(Records for this task begins)

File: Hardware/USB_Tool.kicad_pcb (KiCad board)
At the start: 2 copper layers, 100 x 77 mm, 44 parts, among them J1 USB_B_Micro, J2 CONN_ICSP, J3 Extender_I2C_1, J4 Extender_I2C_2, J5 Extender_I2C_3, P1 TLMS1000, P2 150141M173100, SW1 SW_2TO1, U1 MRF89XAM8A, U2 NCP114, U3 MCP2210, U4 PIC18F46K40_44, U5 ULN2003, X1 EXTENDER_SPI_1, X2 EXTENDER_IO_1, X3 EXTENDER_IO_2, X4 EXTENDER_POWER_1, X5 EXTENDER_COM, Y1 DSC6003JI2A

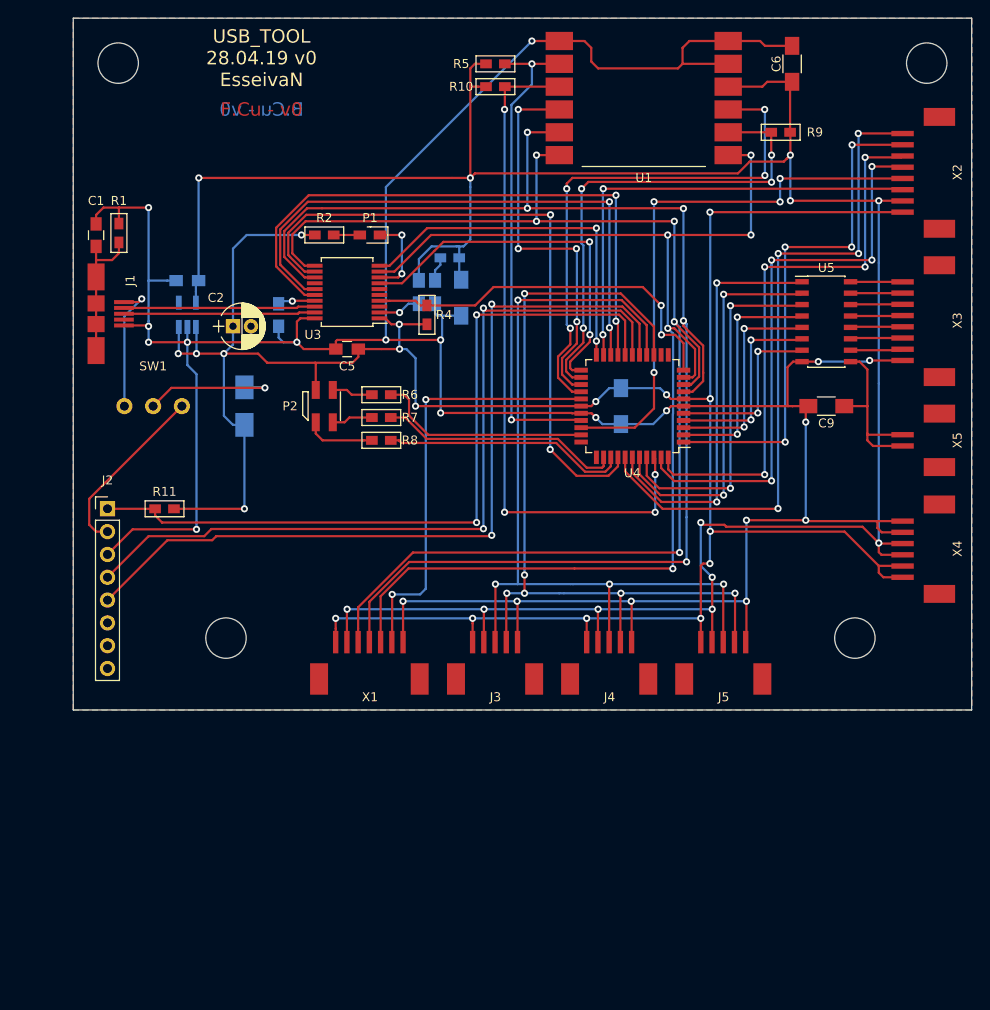
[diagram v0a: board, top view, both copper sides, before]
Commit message: v1
selectable mcu & rf transceiver power voltage
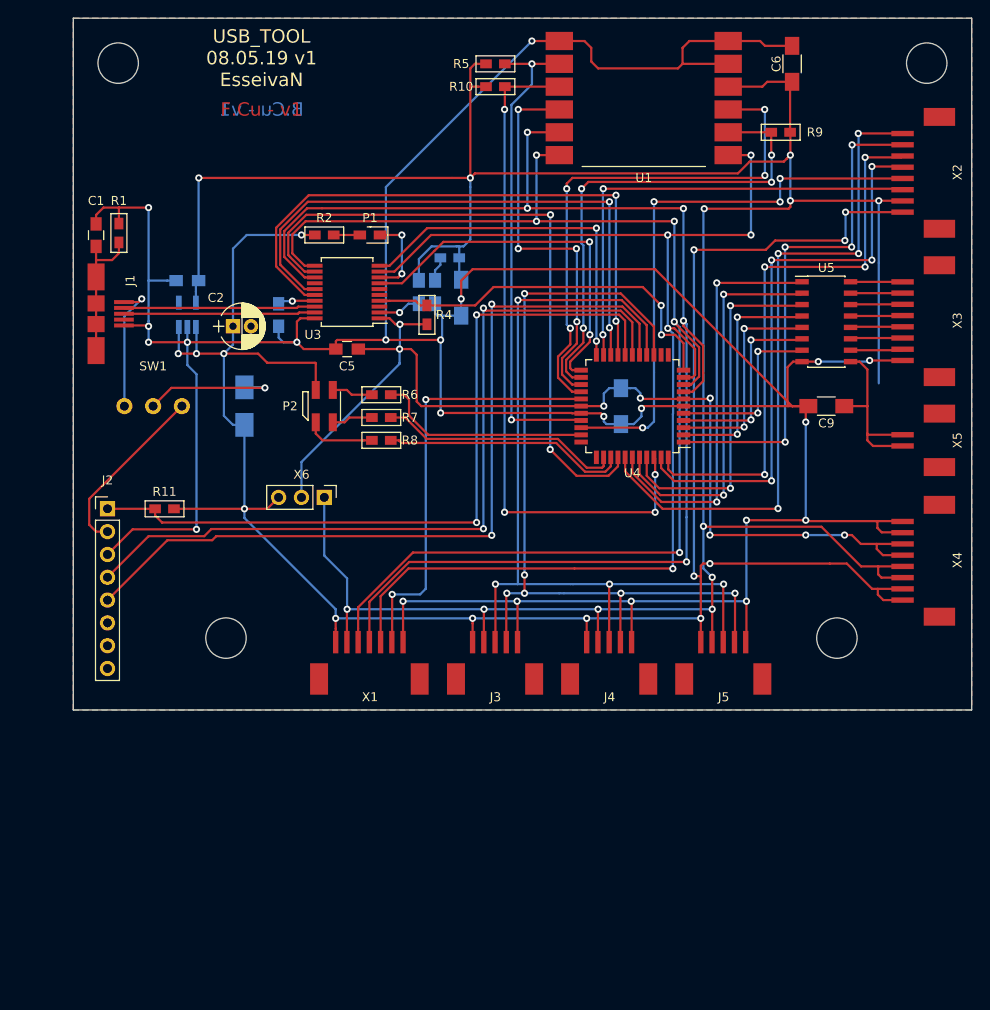
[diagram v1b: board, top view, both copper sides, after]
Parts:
- added X6: MCU_POWER_SELECT, 0EsseivaN_Lib:Pin_Header_Straight_1x03_Pitch2.54mm, F.Cu at (84.1, 94.9)
- X4: footprint 0EsseivaN_Lib:CH_06P -> 0EsseivaN_Lib:CH_08P
- moved X4 2.54 mm to (148.8, 106.4)
- moved PERC-4.5mm 2.00 mm to (141.1, 110.6)
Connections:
- C5 pad 2: 5V -> VCC
- C8 pad 1: 5V -> VCC
- J1 pad 4: (no net) -> Net-(J1-Pad4)
- J2 pad 6: (no net) -> Net-(J2-Pad6)
- J2 pad 7: (no net) -> Net-(J2-Pad7)
- J2 pad 8: (no net) -> Net-(J2-Pad8)
- R4 pad 2: 5V -> VCC
- U2 pad 4: (no net) -> Net-(U2-Pad4)
- U3 pad 1: 5V -> VCC
- U3 pad 14: (no net) -> Net-(U3-Pad14)
- U3 pad 3: (no net) -> Net-(U3-Pad3)
- U3 pad 5: (no net) -> Net-(U3-Pad5)
- U3 pad 6: (no net) -> Net-(U3-Pad6)
- U4 pad 12: (no net) -> Net-(U4-Pad12)
- U4 pad 13: (no net) -> Net-(U4-Pad13)
- U4 pad 28: 5V -> VCC
- U4 pad 33: (no net) -> Net-(U4-Pad33)
- U4 pad 34: (no net) -> Net-(U4-Pad34)
- U4 pad 7: 5V -> VCC
- X4 pad 5: GND -> VCC
- X4 pad 6: GND -> VCC
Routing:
- net VCC: track 0.00 -> 117.6 mm, vias 0 -> 8
- net GND: track 360.4 -> 410.6 mm, vias 22 -> 23
- net 3V3: track 280.4 -> 321.8 mm
- net 5V: track 279.3 -> 242.4 mm, vias 18 -> 14
- net /CLK: track 62.3 -> 63.1 mm
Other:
- board text added: "B.Cu - v1"
- board text added: "B.Mask - v1"
- board text added: "F.Cu - v1"
- board text added: "F.Mask - v1"
- board text added: "USB_TOOL 08.05.19 v1 EsseivaN"
- board text removed: "B.Cu - v0"
- board text removed: "B.Mask - v0"
- board text removed: "F.Cu - v0"
- board text removed: "F.Mask - v0"
- board text removed: "USB_TOOL 28.04.19 v0 EsseivaN"

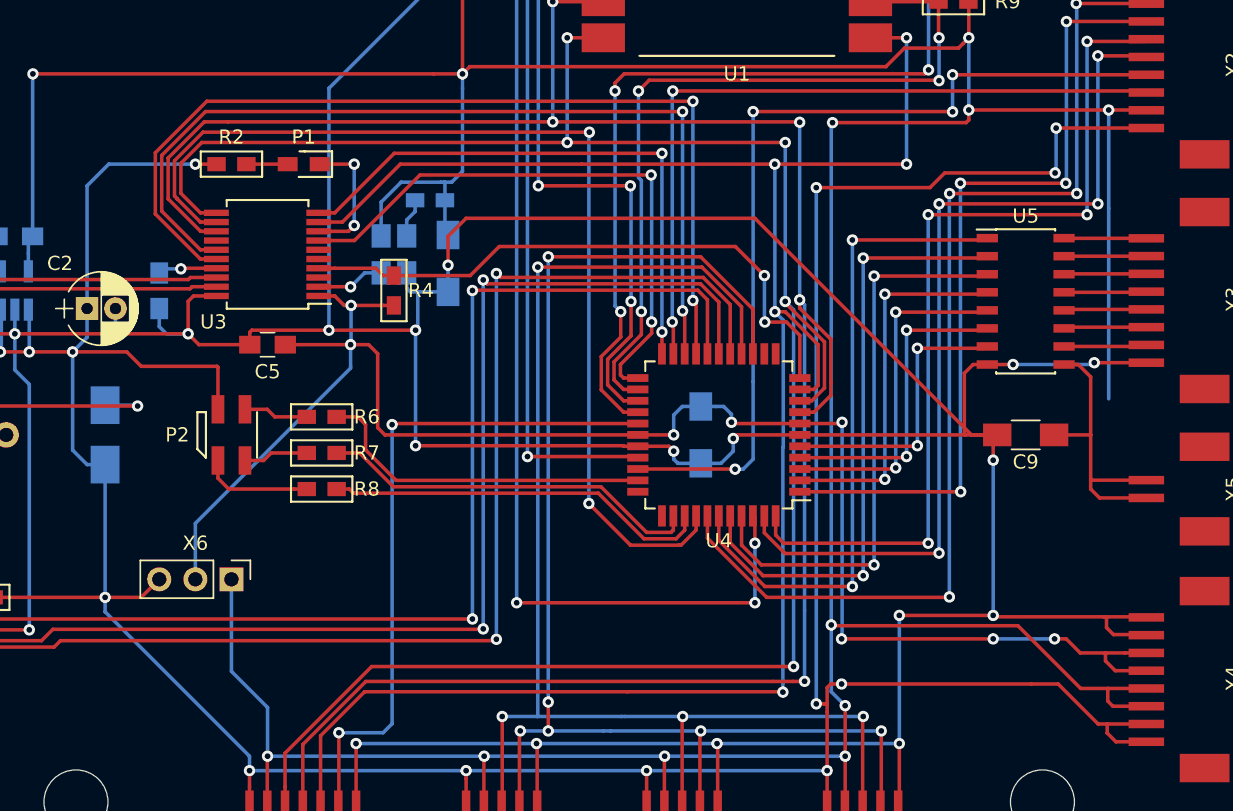
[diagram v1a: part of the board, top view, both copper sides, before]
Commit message: v2
Changed led from PORTB to PORTE
Changed IRQ0,1 & CS_EXIT to PORTB for IOC
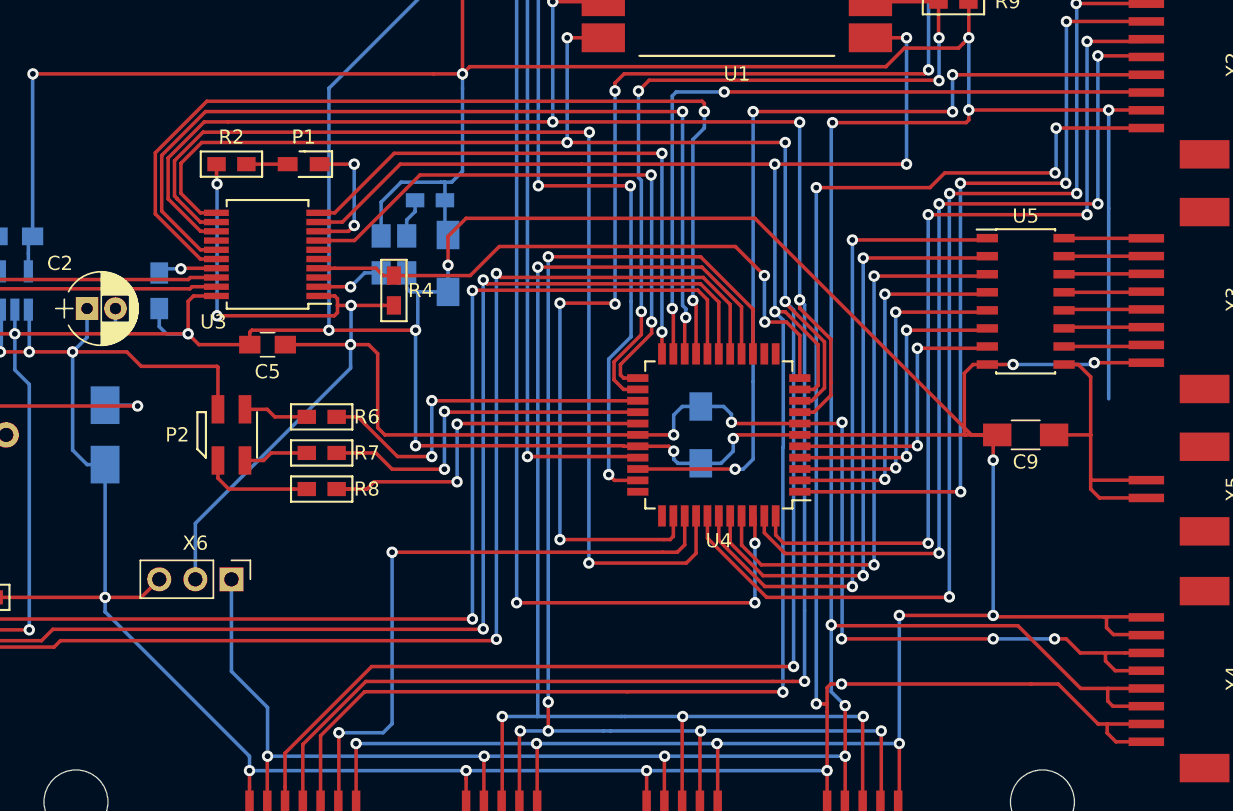
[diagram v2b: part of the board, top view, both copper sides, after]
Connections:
- net /DAC1 renamed /INT
- R2 pad 1: 5V -> VCC
- R6 pad 2: /LED_0 -> /LED_B
- R7 pad 2: /LED_1 -> /LED_G
- R8 pad 2: /LED_2 -> /LED_R
- U4 pad 25: /IRQ0 -> /LED_B
- U4 pad 26: /IRQ1 -> /LED_G
- U4 pad 27: /CS_EXT -> /LED_R
- U4 pad 32: /LED_0 -> /IRQ0
- U4 pad 35: /LED_1 -> /IRQ1
- U4 pad 36: /LED_2 -> /CS_EXT
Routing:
- net /LED_2: track 27.2 -> 0.00 mm
- net /LED_1: track 27.1 -> 0.00 mm
- net /LED_R: track 0.00 -> 26.4 mm, vias 0 -> 2
- net /LED_B: track 0.00 -> 26.3 mm, vias 0 -> 2
- net /LED_G: track 0.00 -> 25.7 mm, vias 0 -> 2
- net /LED_0: track 24.1 -> 0.00 mm
- net /IRQ1: track 59.4 -> 79.5 mm, vias 4 -> 6
- net VCC: track 117.6 -> 137.6 mm, vias 8 -> 10
- net 5V: track 242.4 -> 224.0 mm, vias 14 -> 13
- net /IRQ0: track 43.8 -> 49.7 mm
- net /~USBCFG: track 72.6 -> 77.0 mm
- net /CS_EXT: track 47.7 -> 44.2 mm
- net /BRR: track 67.1 -> 68.2 mm

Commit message: Updated silkscreen
+ mod (0/1) to 2
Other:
- board text added: "B.Cu - v2"
- board text added: "B.Mask - v2"
- board text added: "F.Cu - v2"
- board text added: "F.Mask - v2"
- board text added: "USB_TOOL 22.05.19 v2 EsseivaN"
- board text removed: "B.Cu - v1"
- board text removed: "B.Mask - v1"
- board text removed: "F.Cu - v1"
- board text removed: "F.Mask - v1"
- board text removed: "USB_TOOL 08.05.19 v1 EsseivaN"
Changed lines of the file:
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@@
   (title_block
     (title "USB Tool")
-    (date 2019-04-28)
-    (rev 0)
+    (date 2019-05-22)
+    (rev 02)
     (company ESN)
     (comment 1 "Author : EsseivaN")
@@
     (visible_elements 7FFFFFFF)
     (pcbplotparams
-      (layerselection 0x010f0_ffffffff)
+      (layerselection 0x011f0_ffffffff)
       (usegerberextensions false)
       (usegerberattributes false)
       (usegerberadvancedattributes false)
       (creategerberjobfile false)
-      (excludeedgelayer true)
+      (excludeedgelayer false)
       (linewidth 0.100000)
-      (plotframeref false)
+      (plotframeref true)
       (viasonmask false)
       (mode 1)
@@
       (padsonsilk false)
       (subtractmaskfromsilk false)
-      (outputformat 1)
+      (outputformat 4)
       (mirror false)
       (drillshape 0)
       (scaleselection 1)
-      (outputdirectory "../Fabrication/Gerber"))
+      (outputdirectory "../Fabrication/PDF"))
   )
   (net 0 "")
@@
     (arrow2b (pts (xy 56.13 19.1) (xy 57.256504 18.513579)))
   )
-  (gr_text "F.Mask - v1" (at 77.085 54.935) (layer F.Mask)
+  (gr_text "F.Mask - v2" (at 77.085 54.935) (layer F.Mask)
     (effects (font (size 1.5 1.5) (thickness 0.3)))
   )
-  (gr_text "B.Mask - v1" (at 77.085 54.935) (layer B.Mask)
+  (gr_text "B.Mask - v2" (at 77.085 54.935) (layer B.Mask)
     (effects (font (size 1.5 1.5) (thickness 0.3)) (justify mirror))
   )
-  (gr_text "B.Cu - v1" (at 77.085 51.76) (layer B.Cu)
+  (gr_text "B.Cu - v2" (at 77.085 51.76) (layer B.Cu)
     (effects (font (size 1.5 1.5) (thickness 0.3)) (justify mirror))
   )
-  (gr_text "F.Cu - v1" (at 77.085 51.76) (layer F.Cu)
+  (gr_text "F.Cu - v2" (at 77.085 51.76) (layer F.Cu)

(Records for this task ends)

The problem: Set the listing down exactly, without its pictures.

Output for this task:
File: Hardware/USB_Tool.kicad_pcb (KiCad board)
At the start: 2 copper layers, 100 x 77 mm, 44 parts, among them J1 USB_B_Micro, J2 CONN_ICSP, J3 Extender_I2C_1, J4 Extender_I2C_2, J5 Extender_I2C_3, P1 TLMS1000, P2 150141M173100, SW1 SW_2TO1, U1 MRF89XAM8A, U2 NCP114, U3 MCP2210, U4 PIC18F46K40_44, U5 ULN2003, X1 EXTENDER_SPI_1, X2 EXTENDER_IO_1, X3 EXTENDER_IO_2, X4 EXTENDER_POWER_1, X5 EXTENDER_COM, Y1 DSC6003JI2A

[diagram v0a: board, top view, both copper sides, before]
Commit message: v1
selectable mcu & rf transceiver power voltage
[diagram v1b: board, top view, both copper sides, after]
Parts:
- added X6: MCU_POWER_SELECT, 0EsseivaN_Lib:Pin_Header_Straight_1x03_Pitch2.54mm, F.Cu at (84.1, 94.9)
- X4: footprint 0EsseivaN_Lib:CH_06P -> 0EsseivaN_Lib:CH_08P
- moved X4 2.54 mm to (148.8, 106.4)
- moved PERC-4.5mm 2.00 mm to (141.1, 110.6)
Connections:
- C5 pad 2: 5V -> VCC
- C8 pad 1: 5V -> VCC
- J1 pad 4: (no net) -> Net-(J1-Pad4)
- J2 pad 6: (no net) -> Net-(J2-Pad6)
- J2 pad 7: (no net) -> Net-(J2-Pad7)
- J2 pad 8: (no net) -> Net-(J2-Pad8)
- R4 pad 2: 5V -> VCC
- U2 pad 4: (no net) -> Net-(U2-Pad4)
- U3 pad 1: 5V -> VCC
- U3 pad 14: (no net) -> Net-(U3-Pad14)
- U3 pad 3: (no net) -> Net-(U3-Pad3)
- U3 pad 5: (no net) -> Net-(U3-Pad5)
- U3 pad 6: (no net) -> Net-(U3-Pad6)
- U4 pad 12: (no net) -> Net-(U4-Pad12)
- U4 pad 13: (no net) -> Net-(U4-Pad13)
- U4 pad 28: 5V -> VCC
- U4 pad 33: (no net) -> Net-(U4-Pad33)
- U4 pad 34: (no net) -> Net-(U4-Pad34)
- U4 pad 7: 5V -> VCC
- X4 pad 5: GND -> VCC
- X4 pad 6: GND -> VCC
Routing:
- net VCC: track 0.00 -> 117.6 mm, vias 0 -> 8
- net GND: track 360.4 -> 410.6 mm, vias 22 -> 23
- net 3V3: track 280.4 -> 321.8 mm
- net 5V: track 279.3 -> 242.4 mm, vias 18 -> 14
- net /CLK: track 62.3 -> 63.1 mm
Other:
- board text added: "B.Cu - v1"
- board text added: "B.Mask - v1"
- board text added: "F.Cu - v1"
- board text added: "F.Mask - v1"
- board text added: "USB_TOOL 08.05.19 v1 EsseivaN"
- board text removed: "B.Cu - v0"
- board text removed: "B.Mask - v0"
- board text removed: "F.Cu - v0"
- board text removed: "F.Mask - v0"
- board text removed: "USB_TOOL 28.04.19 v0 EsseivaN"

[diagram v1a: part of the board, top view, both copper sides, before]
Commit message: v2
Changed led from PORTB to PORTE
Changed IRQ0,1 & CS_EXIT to PORTB for IOC
[diagram v2b: part of the board, top view, both copper sides, after]
Connections:
- net /DAC1 renamed /INT
- R2 pad 1: 5V -> VCC
- R6 pad 2: /LED_0 -> /LED_B
- R7 pad 2: /LED_1 -> /LED_G
- R8 pad 2: /LED_2 -> /LED_R
- U4 pad 25: /IRQ0 -> /LED_B
- U4 pad 26: /IRQ1 -> /LED_G
- U4 pad 27: /CS_EXT -> /LED_R
- U4 pad 32: /LED_0 -> /IRQ0
- U4 pad 35: /LED_1 -> /IRQ1
- U4 pad 36: /LED_2 -> /CS_EXT
Routing:
- net /LED_2: track 27.2 -> 0.00 mm
- net /LED_1: track 27.1 -> 0.00 mm
- net /LED_R: track 0.00 -> 26.4 mm, vias 0 -> 2
- net /LED_B: track 0.00 -> 26.3 mm, vias 0 -> 2
- net /LED_G: track 0.00 -> 25.7 mm, vias 0 -> 2
- net /LED_0: track 24.1 -> 0.00 mm
- net /IRQ1: track 59.4 -> 79.5 mm, vias 4 -> 6
- net VCC: track 117.6 -> 137.6 mm, vias 8 -> 10
- net 5V: track 242.4 -> 224.0 mm, vias 14 -> 13
- net /IRQ0: track 43.8 -> 49.7 mm
- net /~USBCFG: track 72.6 -> 77.0 mm
- net /CS_EXT: track 47.7 -> 44.2 mm
- net /BRR: track 67.1 -> 68.2 mm

Commit message: Updated silkscreen
+ mod (0/1) to 2
Other:
- board text added: "B.Cu - v2"
- board text added: "B.Mask - v2"
- board text added: "F.Cu - v2"
- board text added: "F.Mask - v2"
- board text added: "USB_TOOL 22.05.19 v2 EsseivaN"
- board text removed: "B.Cu - v1"
- board text removed: "B.Mask - v1"
- board text removed: "F.Cu - v1"
- board text removed: "F.Mask - v1"
- board text removed: "USB_TOOL 08.05.19 v1 EsseivaN"
Changed lines of the file:
@@
   (title_block
     (title "USB Tool")
-    (date 2019-04-28)
-    (rev 0)
+    (date 2019-05-22)
+    (rev 02)
     (company ESN)
     (comment 1 "Author : EsseivaN")
@@
     (visible_elements 7FFFFFFF)
     (pcbplotparams
-      (layerselection 0x010f0_ffffffff)
+      (layerselection 0x011f0_ffffffff)
       (usegerberextensions false)
       (usegerberattributes false)
       (usegerberadvancedattributes false)
       (creategerberjobfile false)
-      (excludeedgelayer true)
+      (excludeedgelayer false)
       (linewidth 0.100000)
-      (plotframeref false)
+      (plotframeref true)
       (viasonmask false)
       (mode 1)
@@
       (padsonsilk false)
       (subtractmaskfromsilk false)
-      (outputformat 1)
+      (outputformat 4)
       (mirror false)
       (drillshape 0)
       (scaleselection 1)
-      (outputdirectory "../Fabrication/Gerber"))
+      (outputdirectory "../Fabrication/PDF"))
   )
   (net 0 "")
@@
     (arrow2b (pts (xy 56.13 19.1) (xy 57.256504 18.513579)))
   )
-  (gr_text "F.Mask - v1" (at 77.085 54.935) (layer F.Mask)
+  (gr_text "F.Mask - v2" (at 77.085 54.935) (layer F.Mask)
     (effects (font (size 1.5 1.5) (thickness 0.3)))
   )
-  (gr_text "B.Mask - v1" (at 77.085 54.935) (layer B.Mask)
+  (gr_text "B.Mask - v2" (at 77.085 54.935) (layer B.Mask)
     (effects (font (size 1.5 1.5) (thickness 0.3)) (justify mirror))
   )
-  (gr_text "B.Cu - v1" (at 77.085 51.76) (layer B.Cu)
+  (gr_text "B.Cu - v2" (at 77.085 51.76) (layer B.Cu)
     (effects (font (size 1.5 1.5) (thickness 0.3)) (justify mirror))
   )
-  (gr_text "F.Cu - v1" (at 77.085 51.76) (layer F.Cu)
+  (gr_text "F.Cu - v2" (at 77.085 51.76) (layer F.Cu)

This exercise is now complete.